■ **What you need to do**
Could you reproduce the lines below from the one with "at (161.2, 102.5)" through the one with "- added R3: 0, Resistor_SMD:R_0603_1608Metric, F.Cu"? Keep both ends and add nothing.

*** Material provided ***

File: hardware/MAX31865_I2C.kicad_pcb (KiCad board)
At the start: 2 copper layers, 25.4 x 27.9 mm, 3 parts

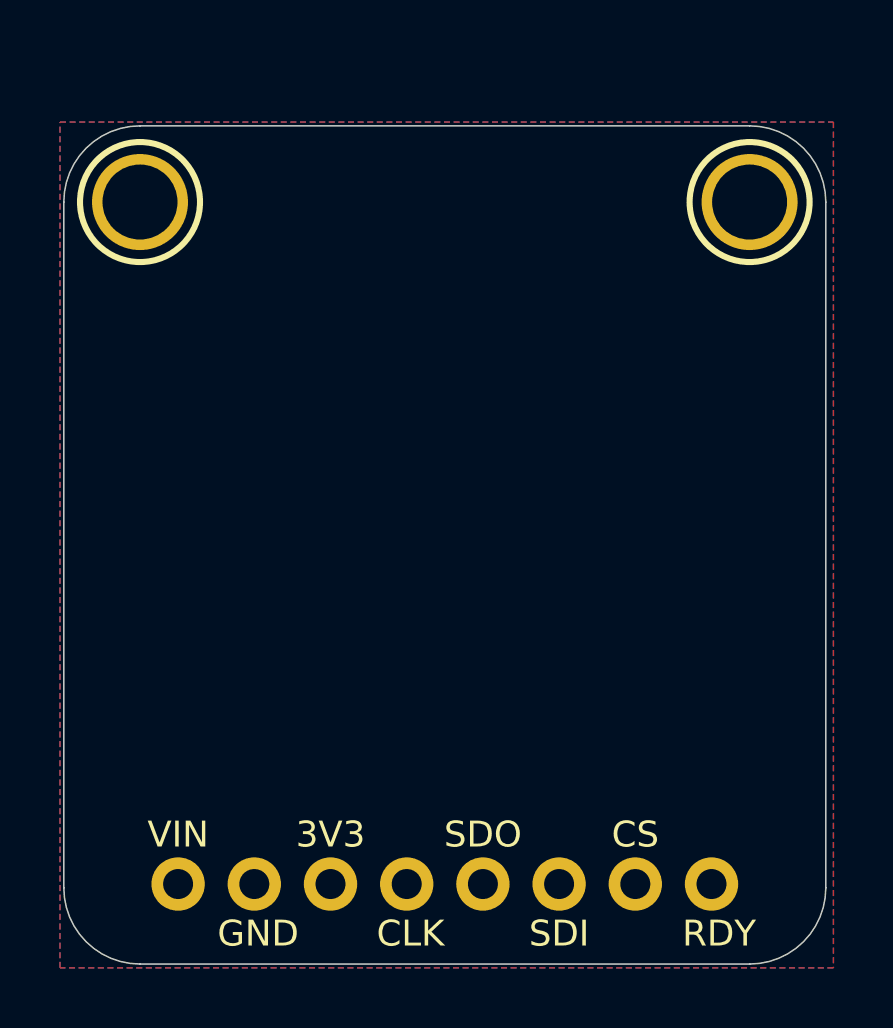
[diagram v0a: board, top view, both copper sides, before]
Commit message: added rough sketch of the adapter PCB
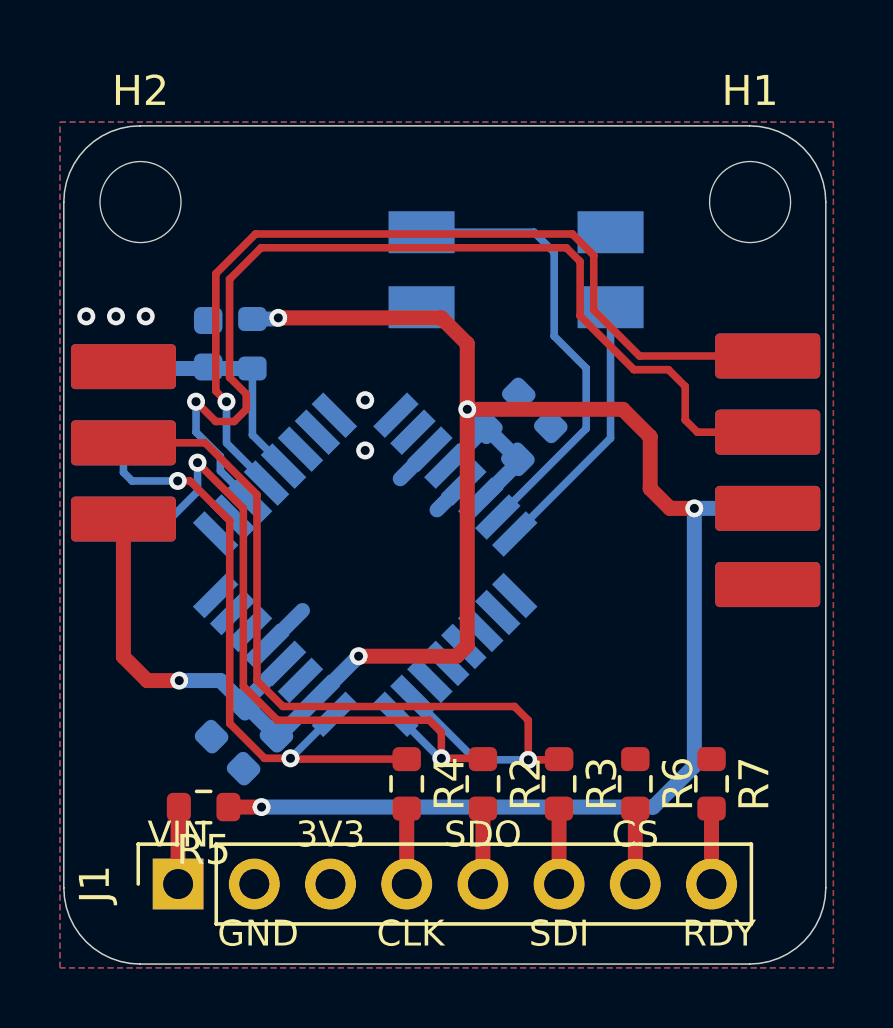
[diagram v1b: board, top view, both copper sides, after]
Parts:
- removed JP1: , 1X08_ROUND_70
- removed U$18, U$19: MOUNTINGHOLE2.5, MOUNTINGHOLE_2.5_PLATED
- added C1: 100n, Capacitor_SMD:C_0603_1608Metric, B.Cu at (140.6, 98.3)
- added C2: 100n, Capacitor_SMD:C_0603_1608Metric, B.Cu at (150.4, 100.5)
- added C3: 100n, Capacitor_SMD:C_0603_1608Metric, B.Cu at (142.3, 111.9)
- added C4: 100n, Capacitor_SMD:C_0603_1608Metric, B.Cu at (141.3, 110.8)
- added C5: 100n, Capacitor_SMD:C_0603_1608Metric, B.Cu at (151.5, 101.6)
- added H1: MountingHole, MountingHole:MountingHole_2.7mm, F.Cu at (158.7, 93.6)
- added H2: MountingHole, MountingHole:MountingHole_2.7mm, F.Cu at (138.4, 93.6)
- added J1: Conn_01x08, Connector_PinSocket_2.54mm:PinSocket_1x08_P2.54mm_Vertical, F.Cu at (139.6, 116.3)
- added J2: AVR-ISP-6, PinHeaderEdgeMount:PinHeader_2x03_P2.54mm_Edge, B.Cu at (135.8, 101.6)
- added J3: Conn_02x04_Odd_Even, PinHeaderEdgeMount:PinHeader_2x04_P2.54mm_Edge, B.Cu at (161.2, 102.5)
- added R1: 10k, Resistor_SMD:R_0603_1608Metric, B.Cu at (142.1, 98.3)
- added R2: 0, Resistor_SMD:R_0603_1608Metric, F.Cu at (149.8, 113.0)
- added R3: 0, Resistor_SMD:R_0603_1608Metric, F.Cu at (152.3, 113.0)
- added R4: 0, Resistor_SMD:R_0603_1608Metric, F.Cu at (147.2, 113.0)
- added R5: 0, Resistor_SMD:R_0603_1608Metric, F.Cu at (140.5, 113.7)
- added R6: 0, Resistor_SMD:R_0603_1608Metric, F.Cu at (154.9, 113.0)
- added R7: 0, Resistor_SMD:R_0603_1608Metric, F.Cu at (157.4, 113.0)
- added U1: ATmega48A-A, Package_QFP:TQFP-32_7x7mm_P0.8mm, B.Cu at (145.8, 105.7)
- added Y1: 16MHz, Crystal:Crystal_SMD_EuroQuartz_MQ-4Pin_7.0x5.0mm, B.Cu at (150.9, 95.8)
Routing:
- net +5V: track 0.00 -> 81.0 mm, vias 0 -> 6
- net /SDA: track 0.00 -> 33.3 mm, vias 0 -> 1
- net /SCL: track 0.00 -> 29.4 mm, vias 0 -> 1
- net /MOSI: track 0.00 -> 28.0 mm, vias 0 -> 1
- net /MISO: track 0.00 -> 23.5 mm, vias 0 -> 2
- net /SCK: track 0.00 -> 20.4 mm, vias 0 -> 2
- net Net-(U1-XTAL1/PB6): track 0.00 -> 15.2 mm
- net Net-(U1-XTAL2/PB7): track 0.00 -> 8.88 mm
- net /~{RESET}: track 0.00 -> 7.92 mm
- net GND: track 0.00 -> 4.36 mm, vias 0 -> 5
- net /VIN: track 0.00 -> 2.51 mm
- net /SDO: track 0.00 -> 2.51 mm
- net /SDI: track 0.00 -> 2.51 mm
- net /DRDY: track 0.00 -> 2.51 mm
- net /CS: track 0.00 -> 2.51 mm
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
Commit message: added caps for crystal
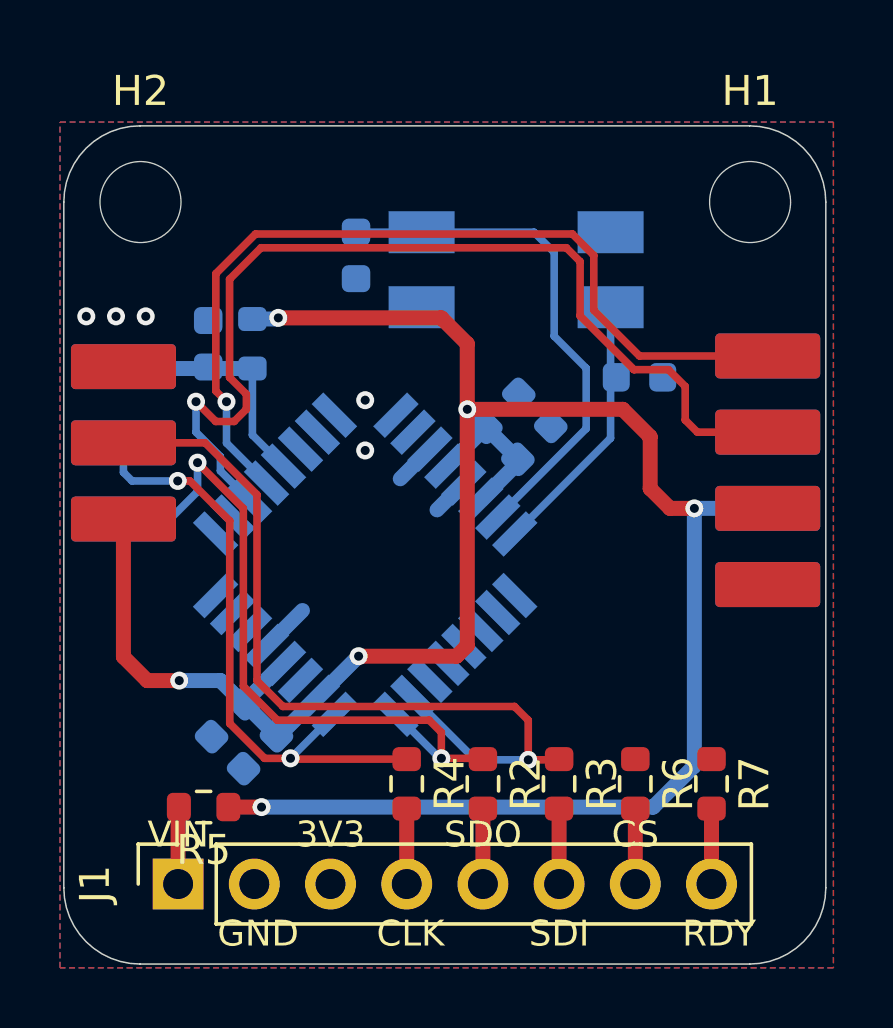
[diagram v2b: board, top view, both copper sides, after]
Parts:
- added C6: 22p, Capacitor_SMD:C_0603_1608Metric, B.Cu at (155.0, 99.4)
- added C7: 22p, Capacitor_SMD:C_0603_1608Metric, B.Cu at (145.5, 95.4)
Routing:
- net Net-(U1-XTAL1/PB6): track 15.2 -> 17.4 mm
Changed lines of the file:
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@@
+  )
+  (footprint "Capacitor_SMD:C_0603_1608Metric" (layer "B.Cu")
+    (at 154.9908 99.4156)
+    (descr "Capacitor SMD 0603 (1608 Metric), square (rectangular) end terminal, IPC_7351 nominal, (Body size source: IPC-SM-782 page 76, https://www.pcb-3d.com/wordpress/wp-content/uploads/ipc-sm-782a_amendment_1_and_2.pdf), generated with kicad-footprint-generator")
+    (tags "capacitor")
+    (property "Sheetfile" "MAX31865_I2C.kicad_sch")
+    (property "Sheetname" "")
+    (property "ki_description" "Unpolarized capacitor")
+    (property "ki_keywords" "cap capacitor")
+    (attr smd)
+    (fp_text reference "C6" (at 0 1.43) (layer "B.SilkS")
+        (effects (font (size 1 1) (thickness 0.15)) (justify mirror))
+    )
+    (fp_text value "22p" (at 0 -1.43) (layer "B.Fab")
+        (effects (font (size 1 1) (thickness 0.15)) (justify mirror))
+    )
+    (fp_text user "${REFERENCE}" (at 0 0) (layer "B.Fab")
+        (effects (font (size 0.4 0.4) (thickness 0.06)) (justify mirror))
+    )
+    (fp_line (start -0.14058 -0.51) (end 0.14058 -0.51)
+      (stroke (width 0.12) (type solid)) (layer "B.SilkS"))
+    (fp_line (start -0.14058 0.51) (end 0.14058 0.51)
+      (stroke (width 0.12) (type solid)) (layer "B.SilkS"))
+    (fp_line (start -1.48 -0.73) (end -1.48 0.73)
+      (stroke (width 0.05) (type solid)) (layer "B.CrtYd"))
+    (fp_line (start -1.48 0.73) (end 1.48 0.73)
+      (stroke (width 0.05) (type solid)) (layer "B.CrtYd"))
+    (fp_line (start 1.48 -0.73) (end -1.48 -0.73)
+      (stroke (width 0.05) (type solid)) (layer "B.CrtYd"))
+    (fp_line (start 1.48 0.73) (end 1.48 -0.73)
+      (stroke (width 0.05) (type solid)) (layer "B.CrtYd"))
+    (fp_line (start -0.8 -0.4) (end -0.8 0.4)
+      (stroke (width 0.1) (type solid)) (layer "B.Fab"))
+    (fp_line (start -0.8 0.4) (end 0.8 0.4)
+      (stroke (width 0.1) (type solid)) (layer "B.Fab"))
+    (fp_line (start 0.8 -0.4) (end -0.8 -0.4)
+      (stroke (width 0.1) (type solid)) (layer "B.Fab"))
+    (fp_line (start 0.8 0.4) (end 0.8 -0.4)
+      (stroke (width 0.1) (type solid)) (layer "B.Fab"))
+    (pad "1" smd roundrect (at -0.775 0) (size 0.9 0.95) (layers "B.Cu" "B.Paste" "B.Mask") (roundrect_rratio 0.25)
+      (net 34 "Net-(U1-XTAL2{slash}PB7)") (pintype "passive"))
+    (pad "2" smd roundrect (at 0.775 0) (size 0.9 0.95) (layers "B.Cu" "B.Paste" "B.Mask") (roundrect_rratio 0.25)
+      (net 1 "GND") (pintype "passive"))
+    (model "${KICAD6_3DMODEL_DIR}/Capacitor_SMD.3dshapes/C_0603_1608Metric.wrl"
+      (offset (xyz 0 0 0))
+      (scale (xyz 1 1 1))
+      (rotate (xyz 0 0 0))
+    )
   )
   (footprint "Capacitor_SMD:C_0603_1608Metric" (layer "B.Cu")
@@
       (net 27 "/~{RESET}") (pintype "passive"))
     (model "${KICAD6_3DMODEL_DIR}/Resistor_SMD.3dshapes/R_0603_1608Metric.wrl"
+      (offset (xyz 0 0 0))
+      (scale (xyz 1 1 1))
+      (rotate (xyz 0 0 0))
+    )
+  )
+  (footprint "Capacitor_SMD:C_0603_1608Metric" (layer "B.Cu")
+    (at 145.542 95.3516 -90)
+    (descr "Capacitor SMD 0603 (1608 Metric), square (rectangular) end terminal, IPC_7351 nominal, (Body size source: IPC-SM-782 page 76, https://www.pcb-3d.com/wordpress/wp-content/uploads/ipc-sm-782a_amendment_1_and_2.pdf), generated with kicad-footprint-generator")
+    (tags "capacitor")
+    (property "Sheetfile" "MAX31865_I2C.kicad_sch")
+    (property "Sheetname" "")
+    (property "ki_description" "Unpolarized capacitor")
+    (property "ki_keywords" "cap capacitor")
+    (attr smd)
+    (fp_text reference "C7" (at 0 1.43 90) (layer "B.SilkS")
+        (effects (font (size 1 1) (thickness 0.15)) (justify mirror))
+    )
+    (fp_text value "22p" (at 0 -1.43 90) (layer "B.Fab")
+        (effects (font (size 1 1) (thickness 0.15)) (justify mirror))
+    )
+    (fp_text user "${REFERENCE}" (at 0 0 90) (layer "B.Fab")
+        (effects (font (size 0.4 0.4) (thickness 0.06)) (justify mirror))
+    )
+    (fp_line (start -0.14058 -0.51) (end 0.14058 -0.51)
+      (stroke (width 0.12) (type solid)) (layer "B.SilkS"))
+    (fp_line (start -0.14058 0.51) (end 0.14058 0.51)
+      (stroke (width 0.12) (type solid)) (layer "B.SilkS"))
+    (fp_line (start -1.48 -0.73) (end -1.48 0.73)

*** End of Material provided ***

■ **Exercise solution**
- added J3: Conn_02x04_Odd_Even, PinHeaderEdgeMount:PinHeader_2x04_P2.54mm_Edge, B.Cu at (161.2, 102.5)
- added R1: 10k, Resistor_SMD:R_0603_1608Metric, B.Cu at (142.1, 98.3)
- added R2: 0, Resistor_SMD:R_0603_1608Metric, F.Cu at (149.8, 113.0)
- added R3: 0, Resistor_SMD:R_0603_1608Metric, F.Cu at (152.3, 113.0)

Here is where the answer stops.